Two lines in the listing below mark the span: one contains "#60=TOROIDAL_SURFACE('',#59,4.3,0.3);" and one contains "#107=VERTEX_POINT('',#106);". Reproduce both of them and everything between, exactly.
====
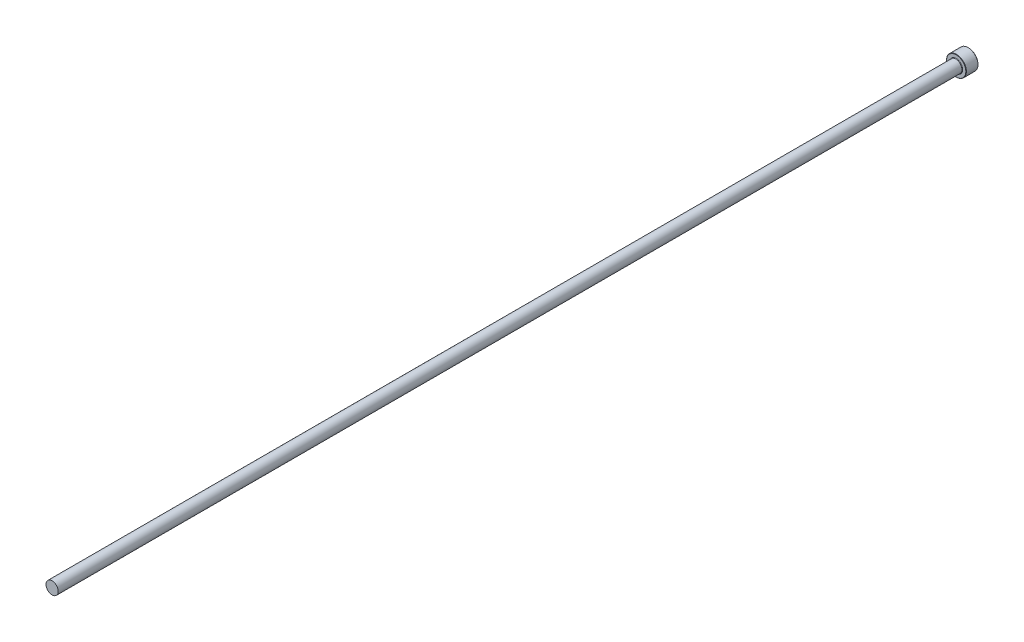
ISO-10303-21;
HEADER;
FILE_DESCRIPTION(('STEP AP214'),'2;1');
FILE_NAME('part.step','',(''),(''),'','','');
FILE_SCHEMA(('AUTOMOTIVE_DESIGN { 1 0 10303 214 1 1 1 1 }'));
ENDSEC;
DATA;
#1=APPLICATION_CONTEXT('core data for automotive mechanical design processes');
#2=APPLICATION_PROTOCOL_DEFINITION('international standard','automotive_design',2000,#1);
#3=PRODUCT_CONTEXT('',#1,'mechanical');
#4=PRODUCT('Part','Part','',(#3));
#5=PRODUCT_RELATED_PRODUCT_CATEGORY('part','',(#4));
#6=PRODUCT_DEFINITION_FORMATION('','',#4);
#7=PRODUCT_DEFINITION_CONTEXT('part definition',#1,'design');
#8=PRODUCT_DEFINITION('design','',#6,#7);
#9=PRODUCT_DEFINITION_SHAPE('','',#8);
#10=(LENGTH_UNIT() NAMED_UNIT(*) SI_UNIT(.MILLI.,.METRE.));
#11=(NAMED_UNIT(*) PLANE_ANGLE_UNIT() SI_UNIT($,.RADIAN.));
#12=(NAMED_UNIT(*) SI_UNIT($,.STERADIAN.) SOLID_ANGLE_UNIT());
#13=UNCERTAINTY_MEASURE_WITH_UNIT(LENGTH_MEASURE(1.E-05),#10,'distance_accuracy_value','');
#14=(GEOMETRIC_REPRESENTATION_CONTEXT(3) GLOBAL_UNCERTAINTY_ASSIGNED_CONTEXT((#13)) GLOBAL_UNIT_ASSIGNED_CONTEXT((#10,
#11,#12)) REPRESENTATION_CONTEXT('',''));
#15=CARTESIAN_POINT('',(0.,0.,0.));
#16=DIRECTION('',(0.,0.,1.));
#17=DIRECTION('',(1.,0.,0.));
#18=AXIS2_PLACEMENT_3D('',#15,#16,#17);
#19=CARTESIAN_POINT('',(0.,3.99999999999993,600.));
#20=DIRECTION('',(0.,0.,-1.));
#21=DIRECTION('',(-1.,0.,0.));
#22=AXIS2_PLACEMENT_3D('',#19,#20,#21);
#23=PLANE('',#22);
#24=CARTESIAN_POINT('',(0.,0.,600.));
#25=DIRECTION('',(0.,0.,1.));
#26=DIRECTION('',(1.,0.,0.));
#27=AXIS2_PLACEMENT_3D('',#24,#25,#26);
#28=CIRCLE('',#27,3.99999999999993);
#29=CARTESIAN_POINT('',(3.99999999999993,0.,600.));
#30=VERTEX_POINT('',#29);
#31=EDGE_CURVE('E50',#30,#30,#28,.T.);
#32=ORIENTED_EDGE('',*,*,#31,.T.);
#33=EDGE_LOOP('',(#32));
#34=FACE_BOUND('',#33,.T.);
#35=ADVANCED_FACE('F30',(#34),#23,.F.);
#36=CARTESIAN_POINT('',(0.,0.,109.050628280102));
#37=DIRECTION('',(0.,0.,1.));
#38=DIRECTION('',(1.,0.,0.));
#39=AXIS2_PLACEMENT_3D('',#36,#37,#38);
#40=CYLINDRICAL_SURFACE('',#39,3.99999999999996);
#41=ORIENTED_EDGE('',*,*,#31,.F.);
#42=EDGE_LOOP('',(#41));
#43=FACE_BOUND('',#42,.T.);
#44=CARTESIAN_POINT('',(0.,0.,8.3));
#45=DIRECTION('',(0.,0.,1.));
#46=DIRECTION('',(1.,0.,0.));
#47=AXIS2_PLACEMENT_3D('',#44,#45,#46);
#48=CIRCLE('',#47,4.);
#49=CARTESIAN_POINT('',(4.,0.,8.3));
#50=VERTEX_POINT('',#49);
#51=EDGE_CURVE('E53',#50,#50,#48,.T.);
#52=ORIENTED_EDGE('',*,*,#51,.T.);
#53=EDGE_LOOP('',(#52));
#54=FACE_BOUND('',#53,.T.);
#55=ADVANCED_FACE('F73',(#43,#54),#40,.T.);
#56=CARTESIAN_POINT('',(0.,0.,8.3));
#57=DIRECTION('',(0.,0.,1.));
#58=DIRECTION('',(1.,0.,0.));
#59=AXIS2_PLACEMENT_3D('',#56,#57,#58);
#60=TOROIDAL_SURFACE('',#59,4.3,0.3);
#61=ORIENTED_EDGE('',*,*,#51,.F.);
#62=EDGE_LOOP('',(#61));
#63=FACE_BOUND('',#62,.T.);
#64=CARTESIAN_POINT('',(0.,0.,8.00000000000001));
#65=DIRECTION('',(0.,0.,1.));
#66=DIRECTION('',(1.,0.,0.));
#67=AXIS2_PLACEMENT_3D('',#64,#65,#66);
#68=CIRCLE('',#67,4.3);
#69=CARTESIAN_POINT('',(4.3,0.,8.00000000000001));
#70=VERTEX_POINT('',#69);
#71=EDGE_CURVE('E56',#70,#70,#68,.T.);
#72=ORIENTED_EDGE('',*,*,#71,.T.);
#73=EDGE_LOOP('',(#72));
#74=FACE_BOUND('',#73,.T.);
#75=ADVANCED_FACE('F60',(#63,#74),#60,.F.);
#76=CARTESIAN_POINT('',(0.,6.5,8.));
#77=DIRECTION('',(0.,0.,-1.));
#78=DIRECTION('',(-1.,0.,0.));
#79=AXIS2_PLACEMENT_3D('',#76,#77,#78);
#80=PLANE('',#79);
#81=CARTESIAN_POINT('',(0.,0.,8.));
#82=DIRECTION('',(0.,0.,-1.));
#83=DIRECTION('',(-1.,0.,0.));
#84=AXIS2_PLACEMENT_3D('',#81,#82,#83);
#85=CIRCLE('',#84,6.30000000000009);
#86=CARTESIAN_POINT('',(-6.30000000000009,0.,8.));
#87=VERTEX_POINT('',#86);
#88=EDGE_CURVE('E10',#87,#87,#85,.F.);
#89=ORIENTED_EDGE('',*,*,#88,.T.);
#90=EDGE_LOOP('',(#89));
#91=FACE_BOUND('',#90,.T.);
#92=ORIENTED_EDGE('',*,*,#71,.F.);
#93=EDGE_LOOP('',(#92));
#94=FACE_BOUND('',#93,.T.);
#95=ADVANCED_FACE('F62',(#91,#94),#80,.F.);
#96=CARTESIAN_POINT('',(0.,0.,109.050628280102));
#97=DIRECTION('',(0.,0.,1.));
#98=DIRECTION('',(1.,0.,0.));
#99=AXIS2_PLACEMENT_3D('',#96,#97,#98);
#100=CYLINDRICAL_SURFACE('',#99,6.5);
#101=CARTESIAN_POINT('',(0.,0.,0.199999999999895));
#102=DIRECTION('',(0.,0.,1.));
#103=DIRECTION('',(1.,0.,0.));
#104=AXIS2_PLACEMENT_3D('',#101,#102,#103);
#105=CIRCLE('',#104,6.5);
#106=CARTESIAN_POINT('',(6.5,0.,0.199999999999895));
#107=VERTEX_POINT('',#106);
#108=EDGE_CURVE('E41',#107,#107,#105,.T.);
#109=ORIENTED_EDGE('',*,*,#108,.T.);
#110=EDGE_LOOP('',(#109));
#111=FACE_BOUND('',#110,.T.);
#112=CARTESIAN_POINT('',(0.,0.,7.8000000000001));
#113=DIRECTION('',(0.,0.,-1.));
#114=DIRECTION('',(-1.,0.,0.));
#115=AXIS2_PLACEMENT_3D('',#112,#113,#114);
#116=CIRCLE('',#115,6.5);
#117=CARTESIAN_POINT('',(-6.5,0.,7.8000000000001));
#118=VERTEX_POINT('',#117);
#119=EDGE_CURVE('E45',#118,#118,#116,.T.);
#120=ORIENTED_EDGE('',*,*,#119,.T.);
#121=EDGE_LOOP('',(#120));
#122=FACE_BOUND('',#121,.T.);
#123=ADVANCED_FACE('F64',(#111,#122),#100,.T.);
#124=CARTESIAN_POINT('',(0.,0.,0.));
#125=DIRECTION('',(0.,0.,1.));
#126=DIRECTION('',(1.,0.,0.));
#127=AXIS2_PLACEMENT_3D('',#124,#125,#126);
#128=PLANE('',#127);
#129=CARTESIAN_POINT('',(0.,0.,0.));
#130=DIRECTION('',(0.,0.,1.));
#131=DIRECTION('',(1.,0.,0.));
#132=AXIS2_PLACEMENT_3D('',#129,#130,#131);
#133=CIRCLE('',#132,6.30000000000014);
#134=CARTESIAN_POINT('',(6.30000000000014,0.,0.));
#135=VERTEX_POINT('',#134);
#136=EDGE_CURVE('E37',#135,#135,#133,.F.);
#137=ORIENTED_EDGE('',*,*,#136,.T.);
#138=EDGE_LOOP('',(#137));
#139=FACE_BOUND('',#138,.T.);
#140=ADVANCED_FACE('F70',(#139),#128,.F.);
#141=CARTESIAN_POINT('',(0.,0.,0.199999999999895));
#142=DIRECTION('',(0.,0.,1.));
#143=DIRECTION('',(1.,0.,0.));
#144=AXIS2_PLACEMENT_3D('',#141,#142,#143);
#145=CONICAL_SURFACE('',#144,6.5,0.785398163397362);
#146=ORIENTED_EDGE('',*,*,#136,.F.);
#147=EDGE_LOOP('',(#146));
#148=FACE_BOUND('',#147,.T.);
#149=ORIENTED_EDGE('',*,*,#108,.F.);
#150=EDGE_LOOP('',(#149));
#151=FACE_BOUND('',#150,.T.);
#152=ADVANCED_FACE('F84',(#148,#151),#145,.T.);
#153=CARTESIAN_POINT('',(0.,0.,8.00000000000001));
#154=DIRECTION('',(0.,0.,-1.));
#155=DIRECTION('',(-1.,0.,0.));
#156=AXIS2_PLACEMENT_3D('',#153,#154,#155);
#157=CONICAL_SURFACE('',#156,6.30000000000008,0.785398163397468);
#158=ORIENTED_EDGE('',*,*,#119,.F.);
#159=EDGE_LOOP('',(#158));
#160=FACE_BOUND('',#159,.T.);
#161=ORIENTED_EDGE('',*,*,#88,.F.);
#162=EDGE_LOOP('',(#161));
#163=FACE_BOUND('',#162,.T.);
#164=ADVANCED_FACE('F32',(#160,#163),#157,.T.);
#165=CLOSED_SHELL('',(#35,#55,#75,#95,#123,#140,#152,#164));
#166=MANIFOLD_SOLID_BREP('B2',#165);
#167=ADVANCED_BREP_SHAPE_REPRESENTATION('',(#18,#166),#14);
#168=SHAPE_DEFINITION_REPRESENTATION(#9,#167);
ENDSEC;
END-ISO-10303-21;
====
▸ THE ANSWER:
#60=TOROIDAL_SURFACE('',#59,4.3,0.3);
#61=ORIENTED_EDGE('',*,*,#51,.F.);
#62=EDGE_LOOP('',(#61));
#63=FACE_BOUND('',#62,.T.);
#64=CARTESIAN_POINT('',(0.,0.,8.00000000000001));
#65=DIRECTION('',(0.,0.,1.));
#66=DIRECTION('',(1.,0.,0.));
#67=AXIS2_PLACEMENT_3D('',#64,#65,#66);
#68=CIRCLE('',#67,4.3);
#69=CARTESIAN_POINT('',(4.3,0.,8.00000000000001));
#70=VERTEX_POINT('',#69);
#71=EDGE_CURVE('E56',#70,#70,#68,.T.);
#72=ORIENTED_EDGE('',*,*,#71,.T.);
#73=EDGE_LOOP('',(#72));
#74=FACE_BOUND('',#73,.T.);
#75=ADVANCED_FACE('F60',(#63,#74),#60,.F.);
#76=CARTESIAN_POINT('',(0.,6.5,8.));
#77=DIRECTION('',(0.,0.,-1.));
#78=DIRECTION('',(-1.,0.,0.));
#79=AXIS2_PLACEMENT_3D('',#76,#77,#78);
#80=PLANE('',#79);
#81=CARTESIAN_POINT('',(0.,0.,8.));
#82=DIRECTION('',(0.,0.,-1.));
#83=DIRECTION('',(-1.,0.,0.));
#84=AXIS2_PLACEMENT_3D('',#81,#82,#83);
#85=CIRCLE('',#84,6.30000000000009);
#86=CARTESIAN_POINT('',(-6.30000000000009,0.,8.));
#87=VERTEX_POINT('',#86);
#88=EDGE_CURVE('E10',#87,#87,#85,.F.);
#89=ORIENTED_EDGE('',*,*,#88,.T.);
#90=EDGE_LOOP('',(#89));
#91=FACE_BOUND('',#90,.T.);
#92=ORIENTED_EDGE('',*,*,#71,.F.);
#93=EDGE_LOOP('',(#92));
#94=FACE_BOUND('',#93,.T.);
#95=ADVANCED_FACE('F62',(#91,#94),#80,.F.);
#96=CARTESIAN_POINT('',(0.,0.,109.050628280102));
#97=DIRECTION('',(0.,0.,1.));
#98=DIRECTION('',(1.,0.,0.));
#99=AXIS2_PLACEMENT_3D('',#96,#97,#98);
#100=CYLINDRICAL_SURFACE('',#99,6.5);
#101=CARTESIAN_POINT('',(0.,0.,0.199999999999895));
#102=DIRECTION('',(0.,0.,1.));
#103=DIRECTION('',(1.,0.,0.));
#104=AXIS2_PLACEMENT_3D('',#101,#102,#103);
#105=CIRCLE('',#104,6.5);
#106=CARTESIAN_POINT('',(6.5,0.,0.199999999999895));
#107=VERTEX_POINT('',#106);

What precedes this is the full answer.